■ **Exercise prompt**: State how many lines of the data contain the word "Subsystem", and write nothing besides the number.

■ **Records supplied**:
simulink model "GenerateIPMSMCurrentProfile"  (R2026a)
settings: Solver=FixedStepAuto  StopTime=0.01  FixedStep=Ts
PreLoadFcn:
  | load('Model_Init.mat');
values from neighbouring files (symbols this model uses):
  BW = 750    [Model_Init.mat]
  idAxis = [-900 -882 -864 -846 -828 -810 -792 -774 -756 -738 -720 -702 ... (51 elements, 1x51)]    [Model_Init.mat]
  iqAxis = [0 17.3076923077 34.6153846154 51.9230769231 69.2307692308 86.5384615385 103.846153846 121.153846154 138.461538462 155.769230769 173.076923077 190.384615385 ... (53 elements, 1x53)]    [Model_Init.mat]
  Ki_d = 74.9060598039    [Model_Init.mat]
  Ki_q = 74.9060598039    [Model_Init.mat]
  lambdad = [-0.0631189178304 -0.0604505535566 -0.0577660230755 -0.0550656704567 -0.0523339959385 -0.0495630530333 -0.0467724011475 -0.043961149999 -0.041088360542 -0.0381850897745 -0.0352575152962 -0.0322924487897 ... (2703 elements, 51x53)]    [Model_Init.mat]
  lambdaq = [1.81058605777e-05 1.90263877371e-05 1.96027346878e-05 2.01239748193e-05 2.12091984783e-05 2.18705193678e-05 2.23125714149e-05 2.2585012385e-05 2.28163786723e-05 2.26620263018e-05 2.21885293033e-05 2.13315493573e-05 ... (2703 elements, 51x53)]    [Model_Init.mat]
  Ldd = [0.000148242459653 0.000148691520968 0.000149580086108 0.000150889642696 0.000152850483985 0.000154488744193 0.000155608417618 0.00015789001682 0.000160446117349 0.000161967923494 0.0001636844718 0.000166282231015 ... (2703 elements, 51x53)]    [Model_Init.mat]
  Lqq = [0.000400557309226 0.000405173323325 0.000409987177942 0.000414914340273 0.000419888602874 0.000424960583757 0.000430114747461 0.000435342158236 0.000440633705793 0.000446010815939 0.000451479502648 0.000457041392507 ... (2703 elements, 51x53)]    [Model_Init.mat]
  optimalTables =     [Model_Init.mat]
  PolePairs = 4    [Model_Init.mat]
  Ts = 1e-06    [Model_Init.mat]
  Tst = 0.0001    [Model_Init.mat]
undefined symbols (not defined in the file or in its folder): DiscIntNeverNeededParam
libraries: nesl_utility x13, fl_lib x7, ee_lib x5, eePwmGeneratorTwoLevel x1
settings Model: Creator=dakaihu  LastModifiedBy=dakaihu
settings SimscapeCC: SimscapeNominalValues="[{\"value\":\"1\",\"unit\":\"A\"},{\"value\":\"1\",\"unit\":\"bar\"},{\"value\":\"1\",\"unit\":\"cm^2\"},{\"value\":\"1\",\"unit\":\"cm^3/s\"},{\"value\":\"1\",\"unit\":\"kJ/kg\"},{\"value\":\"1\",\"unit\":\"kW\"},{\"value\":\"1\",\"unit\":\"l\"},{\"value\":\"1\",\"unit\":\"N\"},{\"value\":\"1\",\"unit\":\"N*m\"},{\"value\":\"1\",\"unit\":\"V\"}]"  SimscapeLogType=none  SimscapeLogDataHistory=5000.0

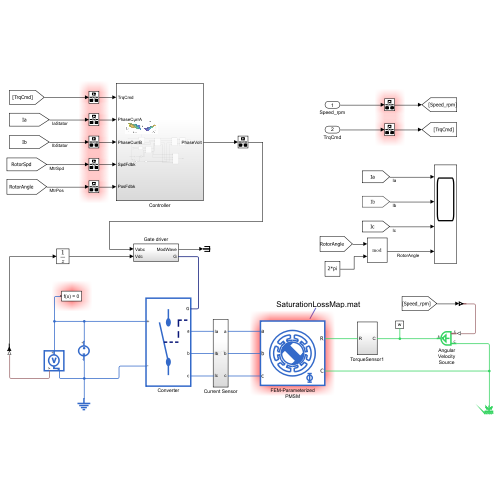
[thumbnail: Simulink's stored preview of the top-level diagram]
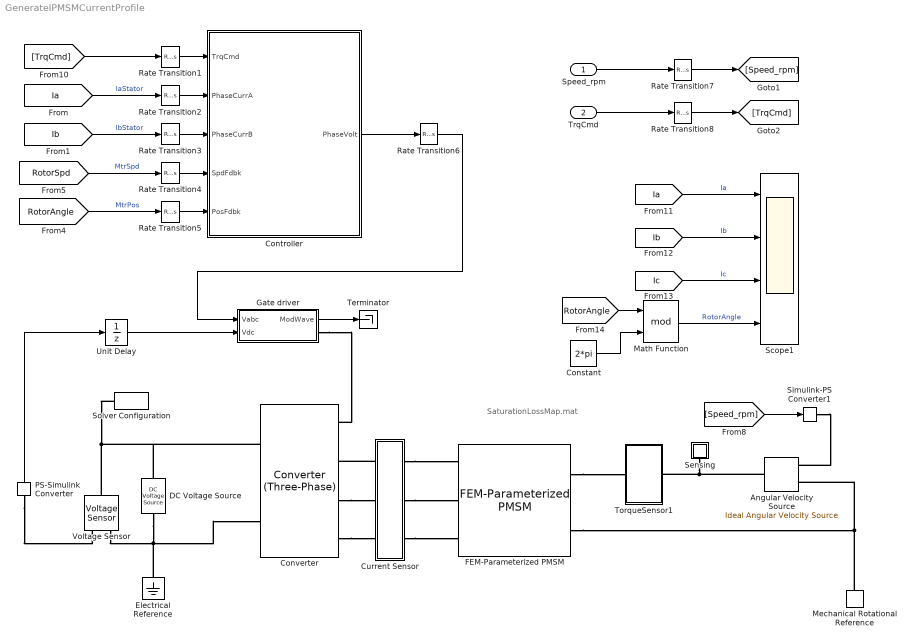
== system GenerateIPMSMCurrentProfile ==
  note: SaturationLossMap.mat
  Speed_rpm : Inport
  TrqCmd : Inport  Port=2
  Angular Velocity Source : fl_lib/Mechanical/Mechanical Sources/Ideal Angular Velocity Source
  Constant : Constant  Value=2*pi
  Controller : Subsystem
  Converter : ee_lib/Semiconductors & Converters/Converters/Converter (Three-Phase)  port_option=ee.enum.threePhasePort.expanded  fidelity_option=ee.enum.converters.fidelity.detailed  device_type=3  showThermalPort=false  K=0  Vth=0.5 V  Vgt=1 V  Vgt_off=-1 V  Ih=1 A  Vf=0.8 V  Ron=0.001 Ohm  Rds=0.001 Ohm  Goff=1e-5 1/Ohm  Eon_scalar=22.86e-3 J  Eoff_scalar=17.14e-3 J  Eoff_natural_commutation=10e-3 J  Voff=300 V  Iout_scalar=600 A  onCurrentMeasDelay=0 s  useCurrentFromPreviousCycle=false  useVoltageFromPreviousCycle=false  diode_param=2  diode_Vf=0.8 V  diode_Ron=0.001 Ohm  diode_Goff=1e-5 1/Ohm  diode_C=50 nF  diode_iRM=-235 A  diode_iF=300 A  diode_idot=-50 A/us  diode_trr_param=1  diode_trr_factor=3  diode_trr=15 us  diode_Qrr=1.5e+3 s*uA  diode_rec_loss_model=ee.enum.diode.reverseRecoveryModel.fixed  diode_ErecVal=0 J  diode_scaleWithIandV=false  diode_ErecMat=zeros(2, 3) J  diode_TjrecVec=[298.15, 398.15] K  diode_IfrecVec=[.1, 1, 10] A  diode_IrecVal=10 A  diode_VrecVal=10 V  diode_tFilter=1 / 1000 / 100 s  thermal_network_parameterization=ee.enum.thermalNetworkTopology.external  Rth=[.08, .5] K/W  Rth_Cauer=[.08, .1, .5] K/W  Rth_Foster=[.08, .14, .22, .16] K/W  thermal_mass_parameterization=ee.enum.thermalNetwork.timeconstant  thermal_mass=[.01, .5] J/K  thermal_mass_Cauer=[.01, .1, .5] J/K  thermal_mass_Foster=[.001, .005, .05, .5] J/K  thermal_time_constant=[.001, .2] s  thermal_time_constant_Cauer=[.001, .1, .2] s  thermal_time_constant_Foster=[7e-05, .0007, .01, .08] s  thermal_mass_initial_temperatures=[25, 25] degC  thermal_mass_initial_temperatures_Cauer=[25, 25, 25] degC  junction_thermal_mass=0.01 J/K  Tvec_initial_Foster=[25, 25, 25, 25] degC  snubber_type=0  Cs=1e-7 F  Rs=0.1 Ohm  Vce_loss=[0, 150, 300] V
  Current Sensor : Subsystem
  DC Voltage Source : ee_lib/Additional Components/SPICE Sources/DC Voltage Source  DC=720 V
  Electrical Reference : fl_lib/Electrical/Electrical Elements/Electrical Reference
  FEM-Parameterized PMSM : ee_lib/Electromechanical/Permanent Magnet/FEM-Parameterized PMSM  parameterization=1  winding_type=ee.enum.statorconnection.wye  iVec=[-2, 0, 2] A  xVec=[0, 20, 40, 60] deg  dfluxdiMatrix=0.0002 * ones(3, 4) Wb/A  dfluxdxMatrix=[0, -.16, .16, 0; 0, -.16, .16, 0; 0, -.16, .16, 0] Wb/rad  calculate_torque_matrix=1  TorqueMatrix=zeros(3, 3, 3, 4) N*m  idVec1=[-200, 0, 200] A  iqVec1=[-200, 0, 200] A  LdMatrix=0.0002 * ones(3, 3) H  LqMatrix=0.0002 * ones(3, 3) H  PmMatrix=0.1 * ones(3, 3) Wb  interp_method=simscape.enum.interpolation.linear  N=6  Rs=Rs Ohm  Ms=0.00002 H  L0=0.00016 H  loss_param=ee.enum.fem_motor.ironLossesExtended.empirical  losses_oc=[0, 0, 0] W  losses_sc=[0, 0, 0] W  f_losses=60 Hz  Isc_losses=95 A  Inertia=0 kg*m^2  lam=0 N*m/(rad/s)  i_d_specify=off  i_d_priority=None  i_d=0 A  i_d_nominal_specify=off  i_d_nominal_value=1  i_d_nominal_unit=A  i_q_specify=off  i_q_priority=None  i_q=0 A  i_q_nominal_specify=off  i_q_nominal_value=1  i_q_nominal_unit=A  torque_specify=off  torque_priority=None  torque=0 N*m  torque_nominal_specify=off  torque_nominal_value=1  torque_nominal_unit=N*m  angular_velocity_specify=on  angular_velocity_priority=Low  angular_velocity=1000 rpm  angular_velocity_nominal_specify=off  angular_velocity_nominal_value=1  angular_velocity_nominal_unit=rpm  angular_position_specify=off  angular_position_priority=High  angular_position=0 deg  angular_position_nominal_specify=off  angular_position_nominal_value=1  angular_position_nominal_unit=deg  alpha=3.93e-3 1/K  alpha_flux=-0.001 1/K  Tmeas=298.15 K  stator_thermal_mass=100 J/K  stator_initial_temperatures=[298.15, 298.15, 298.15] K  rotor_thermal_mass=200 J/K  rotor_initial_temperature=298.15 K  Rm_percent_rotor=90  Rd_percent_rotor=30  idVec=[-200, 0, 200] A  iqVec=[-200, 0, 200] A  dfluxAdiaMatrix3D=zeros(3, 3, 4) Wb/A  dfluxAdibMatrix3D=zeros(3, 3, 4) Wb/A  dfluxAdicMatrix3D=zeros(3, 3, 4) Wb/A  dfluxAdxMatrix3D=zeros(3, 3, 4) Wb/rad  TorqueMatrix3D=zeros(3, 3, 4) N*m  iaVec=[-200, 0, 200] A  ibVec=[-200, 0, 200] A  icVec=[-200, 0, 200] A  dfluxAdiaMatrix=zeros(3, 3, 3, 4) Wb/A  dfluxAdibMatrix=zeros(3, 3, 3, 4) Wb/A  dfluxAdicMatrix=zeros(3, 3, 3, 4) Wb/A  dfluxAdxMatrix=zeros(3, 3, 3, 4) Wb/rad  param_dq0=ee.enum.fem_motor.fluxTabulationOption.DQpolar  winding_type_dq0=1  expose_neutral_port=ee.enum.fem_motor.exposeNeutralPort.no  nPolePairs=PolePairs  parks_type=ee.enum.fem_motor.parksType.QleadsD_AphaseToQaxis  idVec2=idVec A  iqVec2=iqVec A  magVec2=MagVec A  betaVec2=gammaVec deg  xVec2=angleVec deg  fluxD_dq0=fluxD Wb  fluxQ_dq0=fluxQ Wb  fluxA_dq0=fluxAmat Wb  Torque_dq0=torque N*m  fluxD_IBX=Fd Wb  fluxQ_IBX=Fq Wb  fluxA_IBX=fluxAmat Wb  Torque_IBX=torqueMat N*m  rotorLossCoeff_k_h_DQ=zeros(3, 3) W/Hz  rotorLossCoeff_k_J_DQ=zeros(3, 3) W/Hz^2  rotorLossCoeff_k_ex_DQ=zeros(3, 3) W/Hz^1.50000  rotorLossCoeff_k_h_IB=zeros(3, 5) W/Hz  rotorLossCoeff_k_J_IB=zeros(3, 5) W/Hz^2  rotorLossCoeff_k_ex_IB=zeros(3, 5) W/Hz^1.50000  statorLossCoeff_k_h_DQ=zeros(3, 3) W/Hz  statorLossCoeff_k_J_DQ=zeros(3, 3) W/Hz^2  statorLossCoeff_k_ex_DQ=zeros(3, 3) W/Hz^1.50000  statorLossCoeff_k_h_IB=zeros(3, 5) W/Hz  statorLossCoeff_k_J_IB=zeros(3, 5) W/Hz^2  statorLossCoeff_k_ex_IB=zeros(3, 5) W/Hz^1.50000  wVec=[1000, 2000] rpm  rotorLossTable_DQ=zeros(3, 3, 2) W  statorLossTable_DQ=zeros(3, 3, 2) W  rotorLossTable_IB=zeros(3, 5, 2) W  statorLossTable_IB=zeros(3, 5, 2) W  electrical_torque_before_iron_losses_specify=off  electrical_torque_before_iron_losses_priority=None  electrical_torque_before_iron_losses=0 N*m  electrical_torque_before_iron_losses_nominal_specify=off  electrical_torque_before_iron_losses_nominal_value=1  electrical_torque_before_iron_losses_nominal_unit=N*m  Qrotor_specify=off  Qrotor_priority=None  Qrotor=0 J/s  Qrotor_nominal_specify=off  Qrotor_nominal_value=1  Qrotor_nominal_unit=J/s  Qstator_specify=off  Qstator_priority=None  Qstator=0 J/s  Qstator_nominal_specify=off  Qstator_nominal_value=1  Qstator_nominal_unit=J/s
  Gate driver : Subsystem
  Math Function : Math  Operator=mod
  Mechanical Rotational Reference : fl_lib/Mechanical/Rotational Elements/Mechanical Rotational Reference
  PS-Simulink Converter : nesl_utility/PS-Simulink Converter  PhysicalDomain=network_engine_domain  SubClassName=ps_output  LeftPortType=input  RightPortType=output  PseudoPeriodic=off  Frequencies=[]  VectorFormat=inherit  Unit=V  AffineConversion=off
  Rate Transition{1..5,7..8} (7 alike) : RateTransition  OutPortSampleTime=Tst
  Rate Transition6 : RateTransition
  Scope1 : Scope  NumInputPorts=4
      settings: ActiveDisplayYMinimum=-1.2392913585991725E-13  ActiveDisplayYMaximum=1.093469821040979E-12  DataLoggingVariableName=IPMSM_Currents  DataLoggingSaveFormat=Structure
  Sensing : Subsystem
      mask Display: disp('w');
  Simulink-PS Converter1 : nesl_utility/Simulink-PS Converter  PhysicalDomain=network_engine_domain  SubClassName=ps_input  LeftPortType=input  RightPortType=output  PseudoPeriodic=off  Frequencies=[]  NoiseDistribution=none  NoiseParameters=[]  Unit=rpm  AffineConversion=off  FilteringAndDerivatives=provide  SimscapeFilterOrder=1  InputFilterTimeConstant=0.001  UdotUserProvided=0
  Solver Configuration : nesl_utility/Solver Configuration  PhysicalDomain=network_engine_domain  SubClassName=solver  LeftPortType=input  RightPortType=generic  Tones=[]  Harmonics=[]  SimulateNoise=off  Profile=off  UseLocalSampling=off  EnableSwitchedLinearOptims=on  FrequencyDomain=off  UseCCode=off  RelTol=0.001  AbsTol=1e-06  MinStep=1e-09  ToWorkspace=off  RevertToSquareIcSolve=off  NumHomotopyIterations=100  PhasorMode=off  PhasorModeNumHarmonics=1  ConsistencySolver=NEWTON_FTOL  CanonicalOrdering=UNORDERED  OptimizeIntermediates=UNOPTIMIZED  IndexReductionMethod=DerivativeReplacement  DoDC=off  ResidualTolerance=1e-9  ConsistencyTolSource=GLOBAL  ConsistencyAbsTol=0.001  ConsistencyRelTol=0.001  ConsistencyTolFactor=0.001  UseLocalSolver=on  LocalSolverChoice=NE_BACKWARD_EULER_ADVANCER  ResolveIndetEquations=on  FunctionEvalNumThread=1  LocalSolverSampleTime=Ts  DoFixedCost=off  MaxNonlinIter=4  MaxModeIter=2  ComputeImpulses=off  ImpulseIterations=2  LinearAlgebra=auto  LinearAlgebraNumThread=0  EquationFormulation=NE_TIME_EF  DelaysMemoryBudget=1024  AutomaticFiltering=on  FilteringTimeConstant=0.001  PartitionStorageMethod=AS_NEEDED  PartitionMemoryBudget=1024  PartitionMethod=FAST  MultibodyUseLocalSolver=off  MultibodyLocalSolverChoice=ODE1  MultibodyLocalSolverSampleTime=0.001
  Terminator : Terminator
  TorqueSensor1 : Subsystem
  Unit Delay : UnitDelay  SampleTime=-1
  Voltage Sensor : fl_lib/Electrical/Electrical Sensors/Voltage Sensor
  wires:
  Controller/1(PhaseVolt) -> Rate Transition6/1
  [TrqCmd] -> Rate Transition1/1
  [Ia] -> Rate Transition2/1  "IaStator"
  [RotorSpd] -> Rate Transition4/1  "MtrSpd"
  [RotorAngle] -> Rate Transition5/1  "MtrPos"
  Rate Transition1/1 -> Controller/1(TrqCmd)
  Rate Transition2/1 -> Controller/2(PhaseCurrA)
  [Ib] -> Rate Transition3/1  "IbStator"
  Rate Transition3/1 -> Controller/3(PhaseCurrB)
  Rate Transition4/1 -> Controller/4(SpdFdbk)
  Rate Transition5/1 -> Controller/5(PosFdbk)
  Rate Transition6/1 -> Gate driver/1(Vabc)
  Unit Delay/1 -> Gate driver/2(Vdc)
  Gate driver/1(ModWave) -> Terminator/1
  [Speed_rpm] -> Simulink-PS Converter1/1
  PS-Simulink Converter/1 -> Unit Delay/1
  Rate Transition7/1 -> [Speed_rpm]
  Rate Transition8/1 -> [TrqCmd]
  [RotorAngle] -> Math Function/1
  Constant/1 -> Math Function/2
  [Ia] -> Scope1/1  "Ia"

■ **Exercise answer**: 5